# Decoring a cake. What do i need?



## heber_1 (Apr 6, 2007)

hello, i want to make a cake 4 my parents 28th aniversary party, can anyone tell me what i need and how to do it?


----------



## kuan (Jun 11, 2001)

THere's no way we can tell you exactly how. The best way to do it is stabilized chantilly cream and a star tip. Use gelatin in the chantilly and spread it on the cake with a spatula. Then pipe rosettes around the base. That should be good to start.


----------



## momoreg (Mar 4, 2000)

First bake a cake, then fill it, ice it, and decorate it.

Which part do you need help with?


----------



## heber_1 (Apr 6, 2007)

Can you explain me the parts "stabilized chantilly cream" and "Use gelatin in the chantilly and spread it on the cake with a spatula" ? im not that good at the english, what kind of gelatin? whats a chantilly?
sorry for that, im not related with those terms.


----------



## heber_1 (Apr 6, 2007)

i know the basics for baking a cake, but what does it mean to fill it and ice it? and how do i decorate it?


----------



## joyfull (May 24, 2006)

Some basic how to's for you to watch.. One of these should answer some of your questions.. 
Good luck on your cake!!

Icing a Cake - How To Frost a Cake - Cake Icing Video - About.com

Make Cake Borders - How to Decorate Cake Borders Video - About.com

Video: How to Ice the Sides of a Wedding Cake from ExpertVillage

How To Make Sponge Cake (Food: Classic)

This one's pretty helpful too. The video's are a little fuzzy tho..
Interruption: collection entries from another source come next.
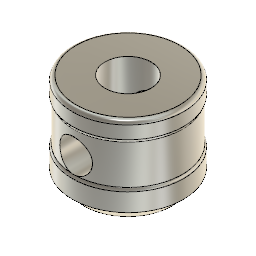
ICMB FUEL INJ MAIN BODY-05 v2 (Autodesk Fusion 360 archive; units mm, degrees)
design "ICBM FUEL INJ -03"
Autodesk Fusion 360 part; units mm, degrees
sketch "Sketch1" plane through (0, 0, 0) normal (0, 0, 1) x (1, 0, 0)
  circle A0 centre (0, 0) radius 4.25
  dimension "d1" = 8.5
  constraint coincident A0.centre origin
  measures "d1" diameter of A0
extrude "Extrude1" add sketch "Sketch1" along normal blind 2.5
sketch "Sketch2" plane through (0, 0, 2.5) normal (0, 0, 1) x (-1, 0, 0)
  circle A0 centre (0, 0) radius 4.25
  circle A1 centre (0, 0) radius 4.15
  dimension "d4" = 8.3
  constraint coincident A0.centre A1.centre
  measures "d4" diameter of A1
extrude "Extrude2" add sketch "Sketch2" along normal blind 3 contours A1
sketch "Sketch3" plane through (0, 0, 5.5) normal (0, 0, 1) x (-1, 0, 0)
  circle A0 centre (0, 0) radius 4.15
  circle A1 centre (0, 0) radius 4.25
  dimension "d7" = 8.5
  constraint coincident A0.centre A1.centre
  measures "d7" diameter of A1
extrude "Extrude3" add sketch "Sketch3" along normal blind 1.5 contours A0 | A1
fillet "Fillet1" radius 0.3 3 edges at (3.9624, 1.5369, 7) (3.9624, 1.5369, 5.5) (-3.9624, -1.5369, 2.5)
chamfer "Chamfer1" distance 0.9 angle 45 1 edges at (-3.9624, -1.5369, 0)
sketch "Sketch4" plane through (0, 0, 7) normal (0, 0, 1) x (-1, 0, 0)
  circle A0 centre (0, 0) radius 3.95
  circle A1 centre (0, 0) radius 1.75
  dimension "d13" = 3.5
  constraint coincident A0.centre A1.centre
  measures "d13" diameter of A1
extrude "Extrude4" cut sketch "Sketch4" against normal blind 6.1 contours A1
sketch "Sketch5" plane through (0, 0, 0.9) normal (0, 0, 1) x (-1, 0, 0)
  circle A0 centre (0, 0) radius 1.75
  circle A1 centre (0, 0) radius 1
  dimension "d16" = 2
  constraint coincident A0.centre A1.centre
  measures "d16" diameter of A1
extrude "Extrude5" cut sketch "Sketch5" against normal blind 5 contours A1
hole "Hole1" at (0, -4.15, 3.7422) direction (0, 1, 0) diameter 2.5 depth 11 tip angle 180

Lesson No. 2: Cake decorating


----------



## heber_1 (Apr 6, 2007)

Thanx alot for your help everybody

i'll try it and later i tell you guys how i did.


----------



## eeyore (Nov 26, 2000)

this has to be the funniest thread Ive read in a long time.

Please let us know what happens.
eeyore


----------



## nofifi (Jan 14, 2007)

Since Panini lost the bet to me regarding Diaper Dog, don't you all think that he should volunteer to send this person one of his cakes? Let me know what you think, lol.


----------



## heber_1 (Apr 6, 2007)

im having a hard time doing it but i still practicing. the big day is may 14, i hope to improve by that time.


----------



## eeyore (Nov 26, 2000)

Good for you.

It takes awhile to get the hang of it. Ive been doing it for alot of years now and occasionally I get the chance to help a beginner and at first I think: "wow, they really aren't getting it" Then I start to remember how long it took me to get good at doing certain things. I can remember thinking: "I'll never be able to ice a cake smooth." And the same thing with splitting a cake, piping roses, icing a cake without crumbs in it, piping borders straight, .... I could go on and on. Now doing these things is like riding a bike. Just keep at it and feel free to ask us anything.

eeyore


----------



## heber_1 (Apr 6, 2007)

I would like to ask some questions (i don't tink i can ask answers, do i?)
how can you ice a cake without crumbs in it?
and How can i add some color to the cake?


----------



## eeyore (Nov 26, 2000)

Good questions.

It is really hard to ice a cake without getting crumbs in it. It takes alot of practice. 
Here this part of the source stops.